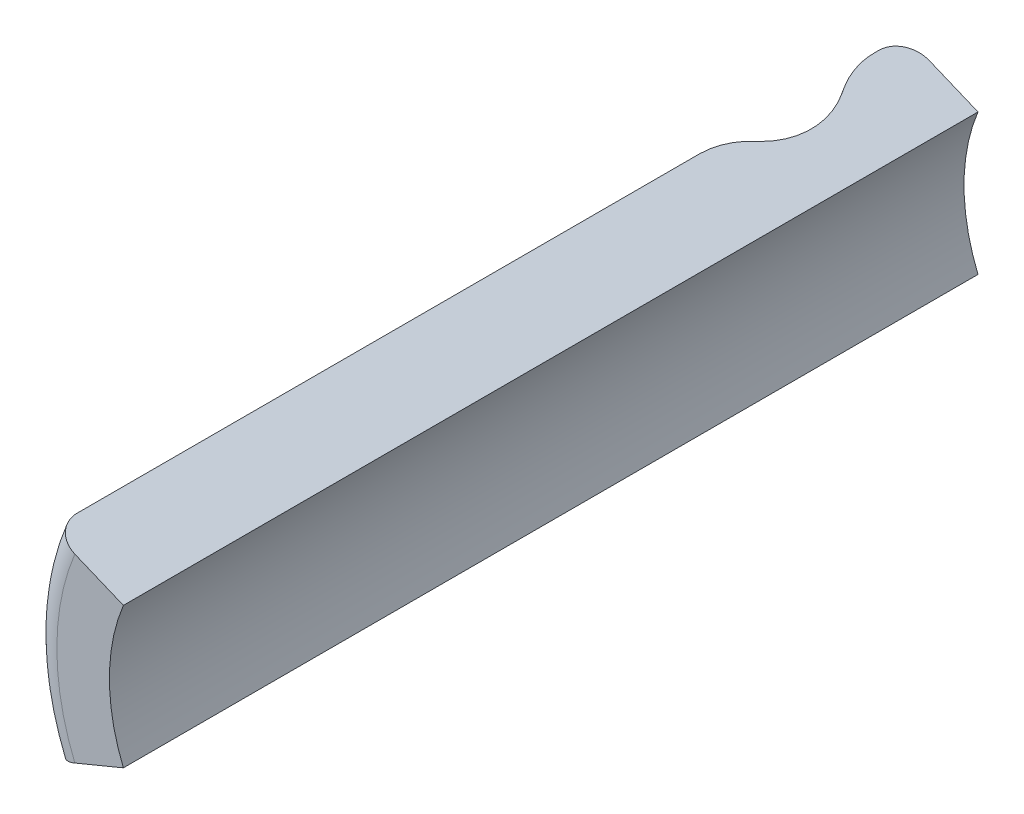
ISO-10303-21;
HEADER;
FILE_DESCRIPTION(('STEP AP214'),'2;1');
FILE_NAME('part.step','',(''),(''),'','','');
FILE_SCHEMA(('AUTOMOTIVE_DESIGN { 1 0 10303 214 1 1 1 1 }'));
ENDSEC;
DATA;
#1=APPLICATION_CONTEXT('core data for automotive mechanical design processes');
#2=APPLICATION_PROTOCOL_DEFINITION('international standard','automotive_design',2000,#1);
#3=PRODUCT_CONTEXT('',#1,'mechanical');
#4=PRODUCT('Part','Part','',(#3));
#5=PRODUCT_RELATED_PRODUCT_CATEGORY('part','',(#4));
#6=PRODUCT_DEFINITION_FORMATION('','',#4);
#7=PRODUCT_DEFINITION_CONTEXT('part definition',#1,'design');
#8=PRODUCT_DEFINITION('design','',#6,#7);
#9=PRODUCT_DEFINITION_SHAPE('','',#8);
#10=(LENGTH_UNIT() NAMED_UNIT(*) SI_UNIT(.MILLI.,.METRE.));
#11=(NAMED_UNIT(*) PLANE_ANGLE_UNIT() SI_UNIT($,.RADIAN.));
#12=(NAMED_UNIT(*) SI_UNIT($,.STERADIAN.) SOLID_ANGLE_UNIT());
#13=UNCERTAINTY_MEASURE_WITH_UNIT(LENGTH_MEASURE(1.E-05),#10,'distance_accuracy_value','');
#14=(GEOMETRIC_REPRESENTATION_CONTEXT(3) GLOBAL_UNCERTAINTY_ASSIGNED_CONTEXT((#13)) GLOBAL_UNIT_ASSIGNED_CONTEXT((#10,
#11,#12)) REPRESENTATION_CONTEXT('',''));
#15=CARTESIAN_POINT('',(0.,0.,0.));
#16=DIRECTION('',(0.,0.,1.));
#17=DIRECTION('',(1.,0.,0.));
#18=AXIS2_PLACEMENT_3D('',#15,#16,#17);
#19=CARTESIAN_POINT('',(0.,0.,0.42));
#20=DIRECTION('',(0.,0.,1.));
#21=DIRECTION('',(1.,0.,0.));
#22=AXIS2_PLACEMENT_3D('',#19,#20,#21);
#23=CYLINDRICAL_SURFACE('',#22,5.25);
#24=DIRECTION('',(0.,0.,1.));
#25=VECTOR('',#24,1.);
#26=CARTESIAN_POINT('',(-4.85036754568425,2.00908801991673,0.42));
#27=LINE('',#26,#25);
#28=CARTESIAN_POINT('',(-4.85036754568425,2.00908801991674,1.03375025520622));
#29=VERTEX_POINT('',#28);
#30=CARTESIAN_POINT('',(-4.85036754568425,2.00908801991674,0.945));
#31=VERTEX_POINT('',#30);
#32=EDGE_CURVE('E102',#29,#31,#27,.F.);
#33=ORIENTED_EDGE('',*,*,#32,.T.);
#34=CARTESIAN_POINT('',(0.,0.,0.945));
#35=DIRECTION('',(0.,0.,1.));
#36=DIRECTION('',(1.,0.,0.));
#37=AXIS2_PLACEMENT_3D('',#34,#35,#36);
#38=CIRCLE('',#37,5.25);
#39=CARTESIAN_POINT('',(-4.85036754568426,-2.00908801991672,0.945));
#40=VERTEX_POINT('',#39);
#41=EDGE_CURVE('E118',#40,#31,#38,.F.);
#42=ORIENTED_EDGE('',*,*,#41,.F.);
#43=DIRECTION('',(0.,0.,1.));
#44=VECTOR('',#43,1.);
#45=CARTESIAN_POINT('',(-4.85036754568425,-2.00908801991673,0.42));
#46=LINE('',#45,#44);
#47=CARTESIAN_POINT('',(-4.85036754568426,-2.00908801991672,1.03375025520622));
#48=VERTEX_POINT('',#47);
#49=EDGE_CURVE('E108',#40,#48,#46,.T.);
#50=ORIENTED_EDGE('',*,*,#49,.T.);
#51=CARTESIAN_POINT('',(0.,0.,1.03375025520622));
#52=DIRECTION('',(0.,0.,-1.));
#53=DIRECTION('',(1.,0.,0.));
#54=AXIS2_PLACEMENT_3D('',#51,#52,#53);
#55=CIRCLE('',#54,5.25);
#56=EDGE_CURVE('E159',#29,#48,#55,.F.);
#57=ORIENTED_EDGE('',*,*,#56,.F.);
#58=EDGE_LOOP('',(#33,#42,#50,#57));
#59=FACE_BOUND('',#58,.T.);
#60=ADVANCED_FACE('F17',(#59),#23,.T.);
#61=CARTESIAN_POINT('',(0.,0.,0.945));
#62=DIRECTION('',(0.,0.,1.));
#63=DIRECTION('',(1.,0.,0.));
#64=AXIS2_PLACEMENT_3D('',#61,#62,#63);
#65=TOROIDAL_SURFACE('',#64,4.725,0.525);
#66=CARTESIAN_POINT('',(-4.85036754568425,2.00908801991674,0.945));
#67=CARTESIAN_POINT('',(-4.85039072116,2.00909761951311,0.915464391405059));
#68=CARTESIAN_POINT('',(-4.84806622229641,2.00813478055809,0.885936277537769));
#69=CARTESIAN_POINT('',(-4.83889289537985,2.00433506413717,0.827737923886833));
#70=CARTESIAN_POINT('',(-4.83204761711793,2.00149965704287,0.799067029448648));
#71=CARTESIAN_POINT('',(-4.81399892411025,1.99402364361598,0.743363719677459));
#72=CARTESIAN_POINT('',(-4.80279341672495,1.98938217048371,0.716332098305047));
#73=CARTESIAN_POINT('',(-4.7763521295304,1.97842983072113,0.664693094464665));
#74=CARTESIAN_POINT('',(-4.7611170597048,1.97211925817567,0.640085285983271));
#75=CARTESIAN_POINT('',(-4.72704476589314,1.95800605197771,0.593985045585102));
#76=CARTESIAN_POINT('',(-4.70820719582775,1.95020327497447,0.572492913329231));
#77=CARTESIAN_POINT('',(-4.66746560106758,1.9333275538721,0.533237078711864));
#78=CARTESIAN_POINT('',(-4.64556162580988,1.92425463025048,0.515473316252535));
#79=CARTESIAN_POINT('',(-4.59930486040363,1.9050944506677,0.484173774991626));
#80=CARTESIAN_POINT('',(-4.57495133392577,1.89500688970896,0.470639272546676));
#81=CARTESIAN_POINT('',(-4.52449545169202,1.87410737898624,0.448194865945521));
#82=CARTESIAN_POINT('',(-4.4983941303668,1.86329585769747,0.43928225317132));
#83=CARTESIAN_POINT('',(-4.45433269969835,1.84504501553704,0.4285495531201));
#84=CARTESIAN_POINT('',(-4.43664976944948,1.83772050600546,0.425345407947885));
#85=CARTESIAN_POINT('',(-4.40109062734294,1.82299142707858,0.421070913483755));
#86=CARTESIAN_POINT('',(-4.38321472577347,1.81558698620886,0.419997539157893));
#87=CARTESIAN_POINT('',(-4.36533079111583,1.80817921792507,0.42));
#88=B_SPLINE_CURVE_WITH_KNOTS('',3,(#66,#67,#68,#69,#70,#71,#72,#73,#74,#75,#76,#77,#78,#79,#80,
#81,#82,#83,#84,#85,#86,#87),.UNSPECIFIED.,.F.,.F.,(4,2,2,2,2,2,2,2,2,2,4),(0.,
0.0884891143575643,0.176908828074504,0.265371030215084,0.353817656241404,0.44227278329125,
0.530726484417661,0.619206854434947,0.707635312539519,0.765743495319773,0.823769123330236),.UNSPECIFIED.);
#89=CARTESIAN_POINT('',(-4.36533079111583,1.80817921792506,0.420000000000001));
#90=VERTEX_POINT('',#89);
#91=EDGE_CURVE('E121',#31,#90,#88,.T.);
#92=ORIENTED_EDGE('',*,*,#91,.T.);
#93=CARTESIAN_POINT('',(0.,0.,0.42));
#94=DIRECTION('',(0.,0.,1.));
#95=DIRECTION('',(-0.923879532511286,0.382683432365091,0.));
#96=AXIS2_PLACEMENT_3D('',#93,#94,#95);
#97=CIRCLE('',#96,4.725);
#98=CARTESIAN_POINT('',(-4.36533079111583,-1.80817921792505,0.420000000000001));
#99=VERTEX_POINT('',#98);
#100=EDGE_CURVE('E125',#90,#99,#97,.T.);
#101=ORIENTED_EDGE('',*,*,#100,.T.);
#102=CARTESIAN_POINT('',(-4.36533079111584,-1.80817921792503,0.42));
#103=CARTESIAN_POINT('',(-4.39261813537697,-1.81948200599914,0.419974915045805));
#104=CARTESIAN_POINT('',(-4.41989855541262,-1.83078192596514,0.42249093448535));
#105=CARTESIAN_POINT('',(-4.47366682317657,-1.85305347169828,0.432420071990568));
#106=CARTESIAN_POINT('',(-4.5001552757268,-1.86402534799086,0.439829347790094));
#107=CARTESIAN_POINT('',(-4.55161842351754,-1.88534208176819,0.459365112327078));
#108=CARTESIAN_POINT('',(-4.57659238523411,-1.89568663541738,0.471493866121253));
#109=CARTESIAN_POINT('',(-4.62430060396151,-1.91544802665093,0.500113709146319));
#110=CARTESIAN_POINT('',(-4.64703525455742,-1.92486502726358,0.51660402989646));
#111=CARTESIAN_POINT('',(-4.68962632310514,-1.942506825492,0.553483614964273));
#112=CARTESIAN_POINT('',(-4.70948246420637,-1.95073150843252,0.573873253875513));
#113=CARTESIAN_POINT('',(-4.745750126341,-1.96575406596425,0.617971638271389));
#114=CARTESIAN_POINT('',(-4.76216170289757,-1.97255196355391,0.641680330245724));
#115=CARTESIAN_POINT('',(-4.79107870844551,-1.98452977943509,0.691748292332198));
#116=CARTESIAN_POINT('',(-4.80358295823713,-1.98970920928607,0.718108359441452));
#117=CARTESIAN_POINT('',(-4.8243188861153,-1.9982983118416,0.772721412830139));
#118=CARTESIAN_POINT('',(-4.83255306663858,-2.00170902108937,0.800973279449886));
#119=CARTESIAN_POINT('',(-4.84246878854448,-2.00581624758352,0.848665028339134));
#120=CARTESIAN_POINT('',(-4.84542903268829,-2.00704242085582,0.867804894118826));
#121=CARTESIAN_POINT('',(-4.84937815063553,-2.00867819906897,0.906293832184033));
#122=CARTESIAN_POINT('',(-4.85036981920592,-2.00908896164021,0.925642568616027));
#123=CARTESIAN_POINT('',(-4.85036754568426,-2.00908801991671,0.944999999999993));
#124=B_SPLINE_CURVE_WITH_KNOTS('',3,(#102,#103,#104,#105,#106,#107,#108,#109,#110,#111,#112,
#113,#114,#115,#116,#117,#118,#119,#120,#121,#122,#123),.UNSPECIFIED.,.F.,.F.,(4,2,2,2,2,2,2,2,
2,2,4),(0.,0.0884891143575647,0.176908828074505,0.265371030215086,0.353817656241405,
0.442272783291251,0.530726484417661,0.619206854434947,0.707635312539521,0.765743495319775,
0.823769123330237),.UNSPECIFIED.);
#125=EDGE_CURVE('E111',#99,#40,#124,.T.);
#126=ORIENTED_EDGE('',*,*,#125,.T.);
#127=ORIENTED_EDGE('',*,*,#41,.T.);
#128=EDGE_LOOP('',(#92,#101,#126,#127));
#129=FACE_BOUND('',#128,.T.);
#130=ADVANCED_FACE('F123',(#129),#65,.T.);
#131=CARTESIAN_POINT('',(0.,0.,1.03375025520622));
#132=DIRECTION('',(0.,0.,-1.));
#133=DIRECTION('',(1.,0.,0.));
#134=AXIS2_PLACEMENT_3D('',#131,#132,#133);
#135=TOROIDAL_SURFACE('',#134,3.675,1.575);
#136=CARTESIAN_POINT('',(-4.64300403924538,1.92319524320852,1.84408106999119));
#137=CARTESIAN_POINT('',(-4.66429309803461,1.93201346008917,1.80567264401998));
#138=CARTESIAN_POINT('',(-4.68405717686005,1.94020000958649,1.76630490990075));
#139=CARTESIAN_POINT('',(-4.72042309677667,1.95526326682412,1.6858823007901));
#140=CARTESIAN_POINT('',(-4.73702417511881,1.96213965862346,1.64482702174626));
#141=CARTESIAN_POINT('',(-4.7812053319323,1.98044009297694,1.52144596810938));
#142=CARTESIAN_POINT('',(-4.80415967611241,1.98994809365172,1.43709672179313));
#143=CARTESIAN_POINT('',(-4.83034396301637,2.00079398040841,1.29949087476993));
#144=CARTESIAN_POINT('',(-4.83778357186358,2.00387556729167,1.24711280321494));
* * * * * * *
* **TASK DETAILS**:
Retype only the stretch of lines above starting at the one with "#34=CARTESIAN_POINT('',(0.,0.,0.945));" and stopping at the one with "#50=ORIENTED_EDGE('',*,*,#49,.T.);", exactly as written, with both kept.

* **RESPONSE TO THIS EXERCISE**:
#34=CARTESIAN_POINT('',(0.,0.,0.945));
#35=DIRECTION('',(0.,0.,1.));
#36=DIRECTION('',(1.,0.,0.));
#37=AXIS2_PLACEMENT_3D('',#34,#35,#36);
#38=CIRCLE('',#37,5.25);
#39=CARTESIAN_POINT('',(-4.85036754568426,-2.00908801991672,0.945));
#40=VERTEX_POINT('',#39);
#41=EDGE_CURVE('E118',#40,#31,#38,.F.);
#42=ORIENTED_EDGE('',*,*,#41,.F.);
#43=DIRECTION('',(0.,0.,1.));
#44=VECTOR('',#43,1.);
#45=CARTESIAN_POINT('',(-4.85036754568425,-2.00908801991673,0.42));
#46=LINE('',#45,#44);
#47=CARTESIAN_POINT('',(-4.85036754568426,-2.00908801991672,1.03375025520622));
#48=VERTEX_POINT('',#47);
#49=EDGE_CURVE('E108',#40,#48,#46,.T.);
#50=ORIENTED_EDGE('',*,*,#49,.T.);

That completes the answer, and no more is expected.